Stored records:

#####

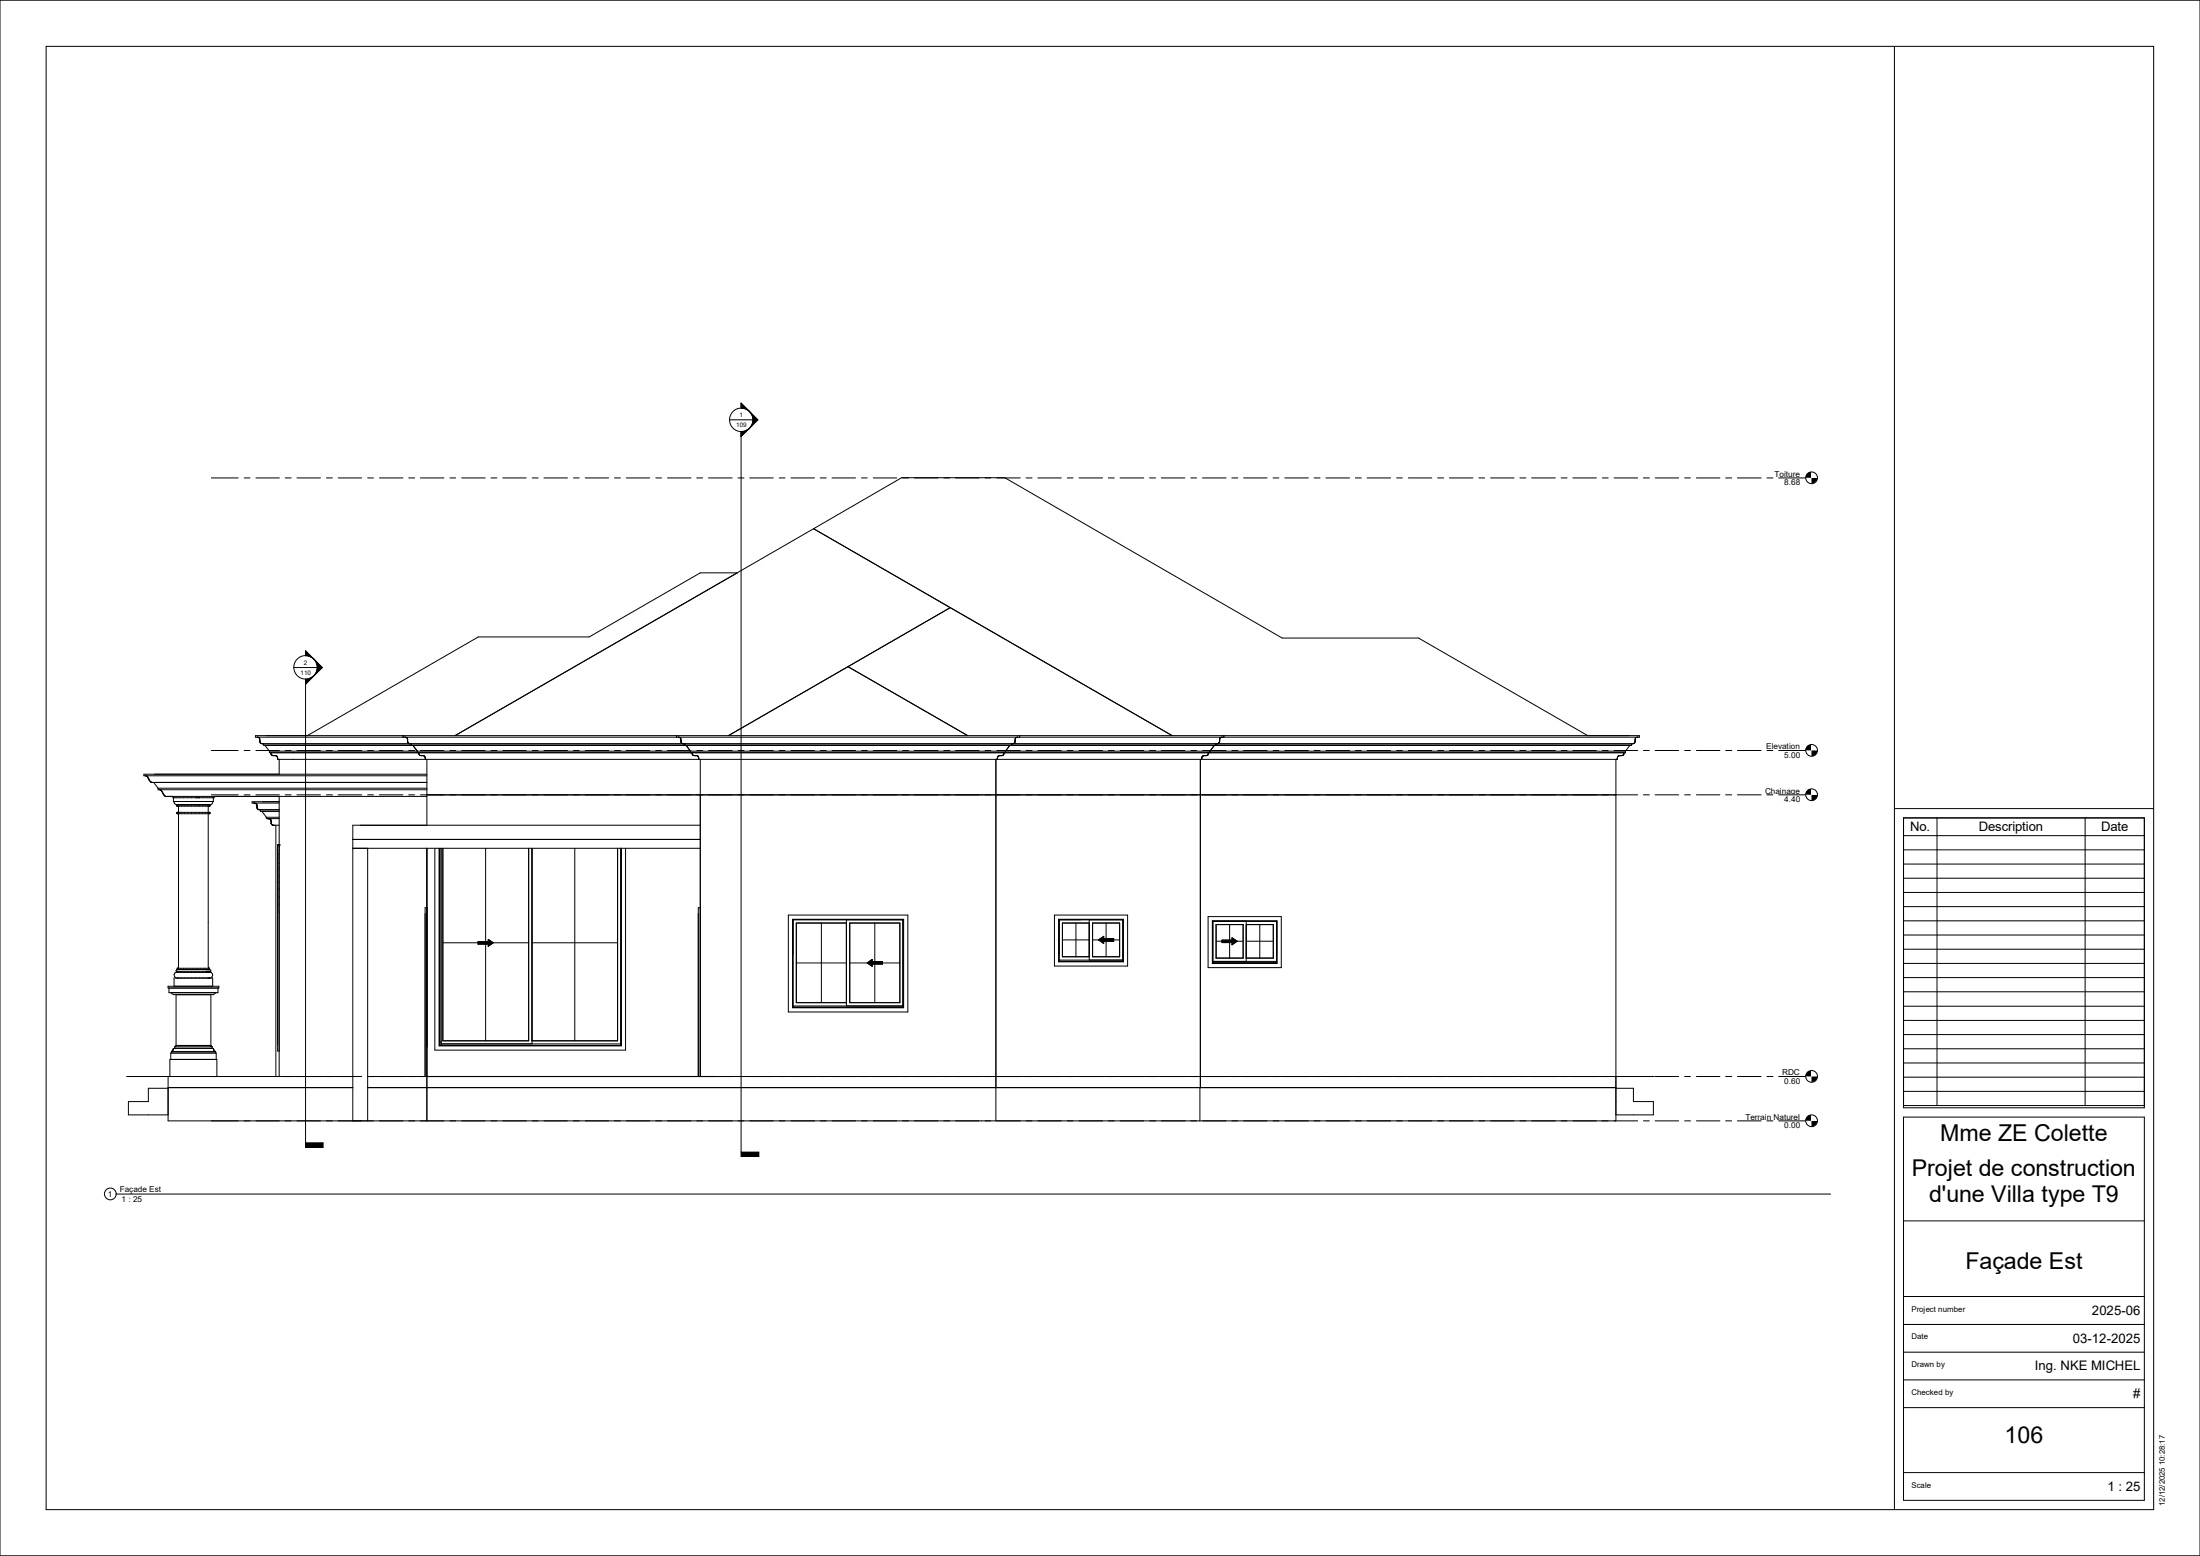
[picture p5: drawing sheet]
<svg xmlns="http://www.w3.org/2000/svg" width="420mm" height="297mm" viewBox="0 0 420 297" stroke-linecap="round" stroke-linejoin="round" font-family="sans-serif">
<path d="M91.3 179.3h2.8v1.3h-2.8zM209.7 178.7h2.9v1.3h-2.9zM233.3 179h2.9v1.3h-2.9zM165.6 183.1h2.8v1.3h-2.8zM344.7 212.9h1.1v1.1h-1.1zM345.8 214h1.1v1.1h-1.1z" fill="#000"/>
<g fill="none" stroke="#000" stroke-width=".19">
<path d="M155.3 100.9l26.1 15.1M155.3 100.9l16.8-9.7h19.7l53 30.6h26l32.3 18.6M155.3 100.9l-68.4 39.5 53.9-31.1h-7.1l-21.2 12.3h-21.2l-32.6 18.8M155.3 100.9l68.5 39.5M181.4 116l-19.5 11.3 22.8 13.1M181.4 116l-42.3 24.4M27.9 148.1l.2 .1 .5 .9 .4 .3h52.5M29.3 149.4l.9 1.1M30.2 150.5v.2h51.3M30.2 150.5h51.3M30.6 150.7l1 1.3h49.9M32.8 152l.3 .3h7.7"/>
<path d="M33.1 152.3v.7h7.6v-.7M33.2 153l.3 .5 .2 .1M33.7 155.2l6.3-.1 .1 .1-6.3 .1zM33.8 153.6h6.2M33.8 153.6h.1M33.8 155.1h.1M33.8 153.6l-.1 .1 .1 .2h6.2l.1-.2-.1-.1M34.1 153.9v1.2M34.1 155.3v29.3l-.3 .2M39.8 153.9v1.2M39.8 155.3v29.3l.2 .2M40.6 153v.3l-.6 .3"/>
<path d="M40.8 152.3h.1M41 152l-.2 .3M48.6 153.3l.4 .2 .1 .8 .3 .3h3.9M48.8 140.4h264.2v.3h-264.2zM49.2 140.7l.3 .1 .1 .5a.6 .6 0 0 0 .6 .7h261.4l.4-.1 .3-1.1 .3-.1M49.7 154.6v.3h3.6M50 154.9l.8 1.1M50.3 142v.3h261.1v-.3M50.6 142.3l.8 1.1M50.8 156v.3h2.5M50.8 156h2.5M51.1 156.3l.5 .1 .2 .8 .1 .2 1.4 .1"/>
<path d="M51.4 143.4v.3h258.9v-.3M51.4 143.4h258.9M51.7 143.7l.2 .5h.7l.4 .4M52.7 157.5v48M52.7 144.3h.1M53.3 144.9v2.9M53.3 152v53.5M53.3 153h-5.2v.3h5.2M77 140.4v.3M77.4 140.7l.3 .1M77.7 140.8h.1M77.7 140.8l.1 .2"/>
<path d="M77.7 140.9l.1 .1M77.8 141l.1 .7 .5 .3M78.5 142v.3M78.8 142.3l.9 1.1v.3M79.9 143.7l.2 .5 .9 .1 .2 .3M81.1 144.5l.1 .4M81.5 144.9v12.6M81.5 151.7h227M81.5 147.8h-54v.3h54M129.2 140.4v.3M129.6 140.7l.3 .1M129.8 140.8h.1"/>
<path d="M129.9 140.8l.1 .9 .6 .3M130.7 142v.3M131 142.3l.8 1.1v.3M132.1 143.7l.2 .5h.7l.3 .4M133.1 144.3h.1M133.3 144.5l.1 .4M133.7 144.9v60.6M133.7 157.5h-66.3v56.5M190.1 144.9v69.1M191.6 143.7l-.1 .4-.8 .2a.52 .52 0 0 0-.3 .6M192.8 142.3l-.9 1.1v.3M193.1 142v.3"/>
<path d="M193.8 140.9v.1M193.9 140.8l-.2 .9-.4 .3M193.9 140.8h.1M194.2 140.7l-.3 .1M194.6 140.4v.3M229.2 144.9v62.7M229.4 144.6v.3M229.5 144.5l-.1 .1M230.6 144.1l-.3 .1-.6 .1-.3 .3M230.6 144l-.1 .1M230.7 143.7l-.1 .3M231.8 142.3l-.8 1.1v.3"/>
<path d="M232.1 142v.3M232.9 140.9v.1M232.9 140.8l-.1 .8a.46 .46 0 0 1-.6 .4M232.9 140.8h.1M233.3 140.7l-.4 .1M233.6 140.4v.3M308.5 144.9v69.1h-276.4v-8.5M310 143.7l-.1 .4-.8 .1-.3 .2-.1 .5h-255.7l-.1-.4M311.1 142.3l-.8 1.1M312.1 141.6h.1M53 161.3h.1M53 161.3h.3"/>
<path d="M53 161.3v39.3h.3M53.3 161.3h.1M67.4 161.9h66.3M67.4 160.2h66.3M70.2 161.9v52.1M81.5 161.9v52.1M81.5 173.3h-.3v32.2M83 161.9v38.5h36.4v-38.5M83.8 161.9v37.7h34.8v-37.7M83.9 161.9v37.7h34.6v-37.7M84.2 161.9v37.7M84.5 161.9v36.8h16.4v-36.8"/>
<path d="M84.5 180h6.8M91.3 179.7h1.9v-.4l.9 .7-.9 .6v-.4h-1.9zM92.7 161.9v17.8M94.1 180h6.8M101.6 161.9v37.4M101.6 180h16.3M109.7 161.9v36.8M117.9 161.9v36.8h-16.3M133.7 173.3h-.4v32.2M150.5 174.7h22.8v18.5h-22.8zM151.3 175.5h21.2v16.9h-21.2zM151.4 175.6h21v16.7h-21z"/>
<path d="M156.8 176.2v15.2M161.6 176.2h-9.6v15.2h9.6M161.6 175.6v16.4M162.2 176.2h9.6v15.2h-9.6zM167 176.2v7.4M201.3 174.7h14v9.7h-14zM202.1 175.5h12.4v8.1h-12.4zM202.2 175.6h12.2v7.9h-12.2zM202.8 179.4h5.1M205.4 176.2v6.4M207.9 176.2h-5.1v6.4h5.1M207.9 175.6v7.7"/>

#####

**WHAT IS EXPECTED:**
Report every line in the data above in which the word "fill" appears.

**OUTPUT OF THE EXERCISE:**
<path d="M91.3 179.3h2.8v1.3h-2.8zM209.7 178.7h2.9v1.3h-2.9zM233.3 179h2.9v1.3h-2.9zM165.6 183.1h2.8v1.3h-2.8zM344.7 212.9h1.1v1.1h-1.1zM345.8 214h1.1v1.1h-1.1z" fill="#000"/>
<g fill="none" stroke="#000" stroke-width=".19">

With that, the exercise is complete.